Every line in the records below that holds the word "diagram" is to be copied.

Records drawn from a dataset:
::::

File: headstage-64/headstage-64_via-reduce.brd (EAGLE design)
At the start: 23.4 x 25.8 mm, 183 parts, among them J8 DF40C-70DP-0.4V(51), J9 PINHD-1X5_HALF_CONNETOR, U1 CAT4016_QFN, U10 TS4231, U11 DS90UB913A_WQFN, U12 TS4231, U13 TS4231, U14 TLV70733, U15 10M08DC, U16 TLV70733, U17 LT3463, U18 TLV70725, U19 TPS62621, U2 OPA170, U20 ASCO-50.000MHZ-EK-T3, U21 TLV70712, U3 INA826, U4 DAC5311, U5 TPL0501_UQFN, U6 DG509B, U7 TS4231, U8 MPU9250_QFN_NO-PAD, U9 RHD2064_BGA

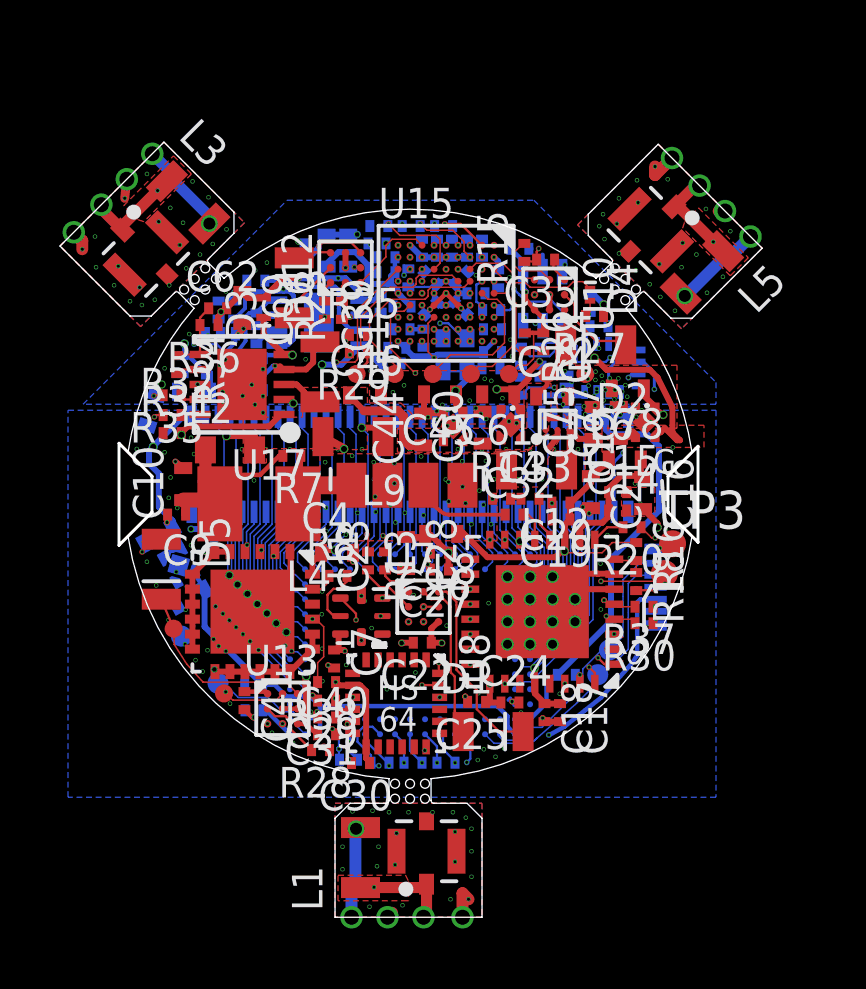
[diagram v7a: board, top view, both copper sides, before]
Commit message: Added ESD protection to host board and headstages
- Host board has a high-voltage RC circuit between isolaed ground planes
to prevent common-mode voltage accumulation on isolated side
- TVS diodes are installed on headstage and host board sides to take
care of ESD events.
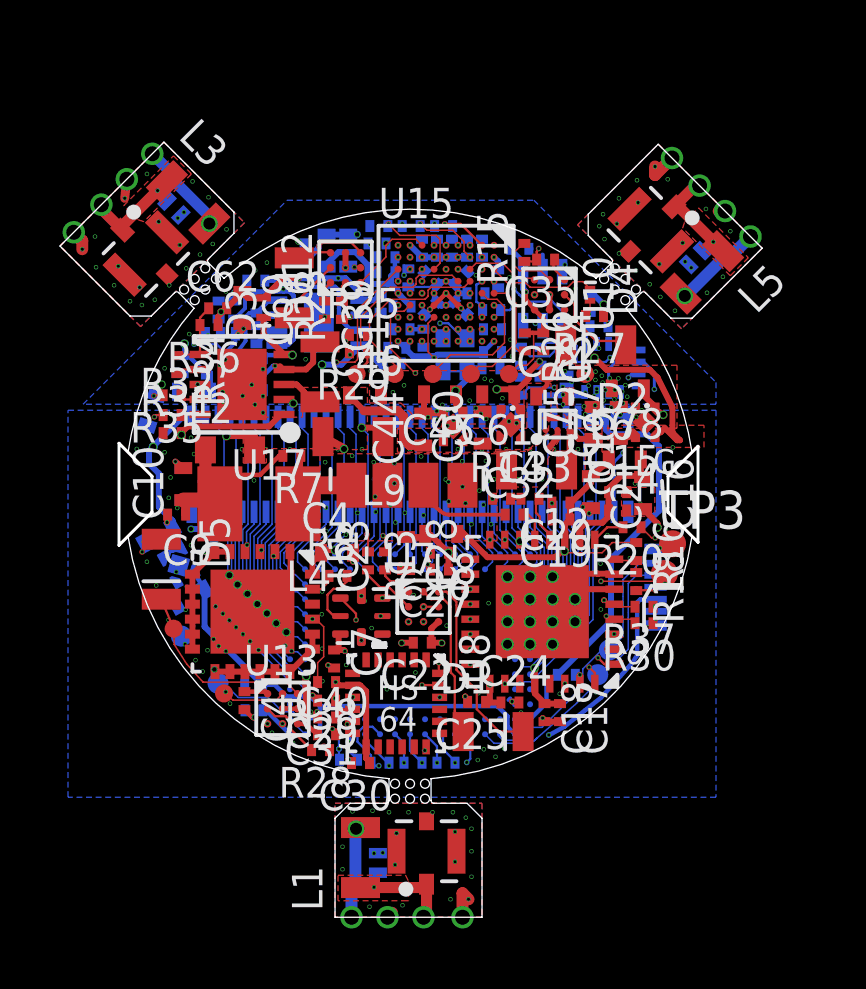
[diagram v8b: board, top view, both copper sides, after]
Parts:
- added D7, D8, D9: SESD0402X1UN-0020-090, jonnew:0402T-DFN
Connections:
- net GND1: now also D8.A
- net GND2: now also D7.A
- net GND3: now also D9.A
- net _SIGOUT: now also D8.C
- net _SIGOUT1: now also D7.C
- net _SIGOUT2: now also D9.C
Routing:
- net _SIGOUT1: track 3.76 -> 4.31 mm
- net _SIGOUT2: track 3.76 -> 4.26 mm
- removed copper zone on layer 4, net N$47
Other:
- board text added: "HS-64 JPN JV"
- board text removed: "HS 64 JPN&JV"

::::

- Task answer:
[diagram v7a: board, top view, both copper sides, before]
[diagram v8b: board, top view, both copper sides, after]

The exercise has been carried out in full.